Types of Variation in PCOS?

It has been found that women with PCOS might actually have different variants on the “types” of androgens that predominate in their conditions.

Some women are more “adrenal dominant” and others are more “ovary dominant” with respect to androgen production. It appears that there is a clear difference between the two with respect to risk for both inflammation and cardiovascular/metabolic disease risk.

A 2012 study comparing a group of 280 women with PCOS, looking at their adrenal and ovarian androgens. The ratio between DHEA-S (adrenal androgen) and total testosterone (ovarian androgen) were calculated for the group of women. The median value for the study group was 4.40. They then compared body mass index, waist circumference, hirsutism (according to the Ferriman-Gallwey score), inflammatory markers, and menstrual cycle length in the two groups.

Across the board, the group with the higher ratio of adrenal androgens had better outcomes with respect to body mass index and waist circumference, hirsutism and also had a shorter cycle length. The group with higher DHEA also had better lipid (cholesterol) profiles and lower levels of inflammatory markers. Although this study is quite small in size, it is interesting to note that the adrenal “typeology/phenotype” of androgen production appears to be protective in PCOS.

A similar result was found in another study, completed in 2007 on a group of 238 young women with high androgens. In this particular study, the women with the highest levels of DHEA, the adrenal androgens, were found to have the lowest levels of different inflammatory markers. Interestingly, although women with high DHEA-S had higher testosterone levels overall, they also had lower insulin, lower LDL cholesterol and higher HDL cholesterol.

As such it appears that the source of the androgens may make an impact on the metabolic and reproductive outcome of a woman with PCOS. As such it may be useful to test the levels of testosterone (ovarian) and DHEA-S (adrenal) androgens, to be able to predict the phenotype or severity of the syndrome, and as such make adjustments to treatment accordingly.

References

  1. Lerchbaum E, Schwetz V, Giuliani A, Pieber TR, Obermayer-Pietsch B. Opposing effects of dehydroepiandrosterone sulfate and free testosterone on metabolic phenotype in women with polycystic ovary syndrome. Fertil Steril. 2012 Nov;98(5)
  2. Carmina E, Lobo RA. Prevalence and metabolic characteristics of adrenal androgen excess in hyperandrogenic women with different phenotypes. J Endocrinol Invest. 2007 Feb;30(2):111-6.

25 thoughts on “High DHEA and Testosterone in PCOS | Ovary vs Adrenal Androgens”

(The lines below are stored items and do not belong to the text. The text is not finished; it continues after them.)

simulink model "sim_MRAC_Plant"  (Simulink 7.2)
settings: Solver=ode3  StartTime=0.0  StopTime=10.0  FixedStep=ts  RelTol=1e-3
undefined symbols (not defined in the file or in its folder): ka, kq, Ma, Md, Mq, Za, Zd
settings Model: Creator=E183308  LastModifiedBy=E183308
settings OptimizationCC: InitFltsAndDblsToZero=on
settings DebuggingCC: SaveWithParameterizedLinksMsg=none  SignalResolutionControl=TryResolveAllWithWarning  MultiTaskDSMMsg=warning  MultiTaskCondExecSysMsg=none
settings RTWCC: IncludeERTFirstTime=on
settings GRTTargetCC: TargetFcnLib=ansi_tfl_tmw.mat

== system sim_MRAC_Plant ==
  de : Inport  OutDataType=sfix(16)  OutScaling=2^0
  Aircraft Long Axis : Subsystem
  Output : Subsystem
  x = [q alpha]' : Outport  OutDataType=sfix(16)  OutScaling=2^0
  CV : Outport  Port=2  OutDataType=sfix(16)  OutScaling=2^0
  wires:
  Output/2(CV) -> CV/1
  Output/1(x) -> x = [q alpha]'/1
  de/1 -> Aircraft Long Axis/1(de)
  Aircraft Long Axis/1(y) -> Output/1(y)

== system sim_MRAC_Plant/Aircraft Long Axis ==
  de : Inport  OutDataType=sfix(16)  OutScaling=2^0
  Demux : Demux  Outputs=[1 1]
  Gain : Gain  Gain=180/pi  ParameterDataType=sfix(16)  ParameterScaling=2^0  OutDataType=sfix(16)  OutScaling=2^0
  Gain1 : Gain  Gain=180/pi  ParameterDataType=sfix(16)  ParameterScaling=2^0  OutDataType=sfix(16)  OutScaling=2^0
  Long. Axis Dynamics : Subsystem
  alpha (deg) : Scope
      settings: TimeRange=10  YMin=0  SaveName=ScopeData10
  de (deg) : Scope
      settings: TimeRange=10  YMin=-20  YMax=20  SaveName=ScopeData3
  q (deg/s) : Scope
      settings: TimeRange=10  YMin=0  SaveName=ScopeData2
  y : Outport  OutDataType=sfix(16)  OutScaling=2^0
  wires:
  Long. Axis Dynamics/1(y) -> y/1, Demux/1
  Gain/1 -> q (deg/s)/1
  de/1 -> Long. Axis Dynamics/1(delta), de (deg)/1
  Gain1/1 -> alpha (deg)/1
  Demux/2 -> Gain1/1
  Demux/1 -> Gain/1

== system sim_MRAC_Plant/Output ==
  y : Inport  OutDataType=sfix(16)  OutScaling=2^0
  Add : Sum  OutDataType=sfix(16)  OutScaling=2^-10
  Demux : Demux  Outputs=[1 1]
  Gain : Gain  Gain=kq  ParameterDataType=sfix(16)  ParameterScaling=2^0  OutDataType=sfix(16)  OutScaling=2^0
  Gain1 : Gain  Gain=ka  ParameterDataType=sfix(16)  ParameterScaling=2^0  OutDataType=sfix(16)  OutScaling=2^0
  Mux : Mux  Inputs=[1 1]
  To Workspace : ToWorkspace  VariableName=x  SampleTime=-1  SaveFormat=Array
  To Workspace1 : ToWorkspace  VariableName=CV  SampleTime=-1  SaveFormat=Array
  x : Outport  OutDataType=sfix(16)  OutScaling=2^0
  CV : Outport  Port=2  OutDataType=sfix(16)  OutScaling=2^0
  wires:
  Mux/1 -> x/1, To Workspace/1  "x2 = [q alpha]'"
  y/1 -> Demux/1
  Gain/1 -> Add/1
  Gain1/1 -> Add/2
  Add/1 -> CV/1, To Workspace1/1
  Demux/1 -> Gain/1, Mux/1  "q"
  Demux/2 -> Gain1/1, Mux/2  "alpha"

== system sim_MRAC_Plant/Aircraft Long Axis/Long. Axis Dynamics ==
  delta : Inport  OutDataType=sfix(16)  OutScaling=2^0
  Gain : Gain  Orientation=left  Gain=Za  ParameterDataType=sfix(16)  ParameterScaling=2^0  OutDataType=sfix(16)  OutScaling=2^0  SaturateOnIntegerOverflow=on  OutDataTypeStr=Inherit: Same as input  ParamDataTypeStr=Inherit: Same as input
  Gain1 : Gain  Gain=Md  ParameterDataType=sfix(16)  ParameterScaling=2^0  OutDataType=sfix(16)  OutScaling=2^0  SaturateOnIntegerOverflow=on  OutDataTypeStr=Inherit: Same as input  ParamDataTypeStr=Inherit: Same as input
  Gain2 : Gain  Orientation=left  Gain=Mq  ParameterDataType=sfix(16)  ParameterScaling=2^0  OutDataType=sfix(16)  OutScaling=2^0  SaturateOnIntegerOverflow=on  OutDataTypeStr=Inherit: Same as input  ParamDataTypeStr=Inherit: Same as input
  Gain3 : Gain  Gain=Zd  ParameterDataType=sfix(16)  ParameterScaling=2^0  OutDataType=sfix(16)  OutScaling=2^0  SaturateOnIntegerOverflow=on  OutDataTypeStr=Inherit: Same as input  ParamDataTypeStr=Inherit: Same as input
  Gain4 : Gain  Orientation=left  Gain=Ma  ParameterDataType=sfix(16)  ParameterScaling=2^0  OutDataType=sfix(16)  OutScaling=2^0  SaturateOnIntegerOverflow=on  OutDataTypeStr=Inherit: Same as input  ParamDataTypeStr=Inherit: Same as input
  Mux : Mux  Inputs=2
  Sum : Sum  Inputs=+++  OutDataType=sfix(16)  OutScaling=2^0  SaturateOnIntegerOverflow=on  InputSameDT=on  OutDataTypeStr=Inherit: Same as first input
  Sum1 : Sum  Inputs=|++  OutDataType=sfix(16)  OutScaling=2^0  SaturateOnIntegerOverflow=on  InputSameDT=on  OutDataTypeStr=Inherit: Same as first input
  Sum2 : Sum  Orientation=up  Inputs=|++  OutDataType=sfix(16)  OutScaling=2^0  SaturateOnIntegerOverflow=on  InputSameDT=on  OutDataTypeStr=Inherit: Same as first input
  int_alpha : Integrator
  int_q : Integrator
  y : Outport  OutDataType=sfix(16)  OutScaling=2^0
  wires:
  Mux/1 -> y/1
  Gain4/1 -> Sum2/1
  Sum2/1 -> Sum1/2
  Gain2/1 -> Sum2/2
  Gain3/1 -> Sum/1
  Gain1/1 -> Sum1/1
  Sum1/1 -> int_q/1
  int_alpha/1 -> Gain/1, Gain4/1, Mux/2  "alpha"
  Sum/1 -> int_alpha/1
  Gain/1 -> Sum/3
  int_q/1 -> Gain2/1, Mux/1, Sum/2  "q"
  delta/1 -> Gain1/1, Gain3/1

  1. Very interesting…I have PCOS, relatively low Testosterone, but high DHEA…how might the treatment differ between the two types (adrenal vs. ovarian)? It would be great to be able to mention the difference to my doc and hopefully improve results :D

    1. Hi Rebekah,

      Great question! I actually hope to address this in great detail in my book so please stay tuned for more info. It appears that in the adrenal form of PCOS, less emphasis should be placed on the metabolic components unless the woman is overweight. However in the ovarian form, it appears that the treatment of insulin resistance will be more central. In both cases hormonal balancing herbs and supplements can be used, however in the ovarian form there is greater emphasis on metabolism.

      best,

      1. hi Fiona,
        I have suffered PCOS as a lean woman for years now, and no one ever mentioned the distinction between ovarian/adrenal! i am on a strong anti androgen currently (cyrpoterone acetate) and just saw DHEA-S levels of 320! Do regular anti androgens not combat androgens made by the adrenal glands?
        What natural herbs can I take to reduce my DHEA-S? Saw Palmetto? My main symptom and the reason I am so dependent on medication – is male pattern baldness.
        Thanks so much!

        1. Hi there hona,

          I have just written a long article about this for a professional journal that will be out in January. Overall, the DHEA-S is stimulated by the brain. The adrenal itself makes too much DHEA. So first of all, if you are under any stresses, it will make your brain release ACTH which can increase the DHEA secretion. However if you are not under major stressors, this may not have a huge impact on your levels. Overall, DHEA is a protective androgen when compared to testosterone…however, when it converts into testosterone and especially DHT it can create the hair loss you are experiencing. Anti-androgens should work but will not lower your DHEA levels…there are also a host of natural anti androgens like spearmint tea, licorice, saw palmetto, ganoderma, kudzu root, green tea…the list goes on! I’ll go through this in my article. I hope this answer has been helpful for you :) And good luck..hair loss is very stressful.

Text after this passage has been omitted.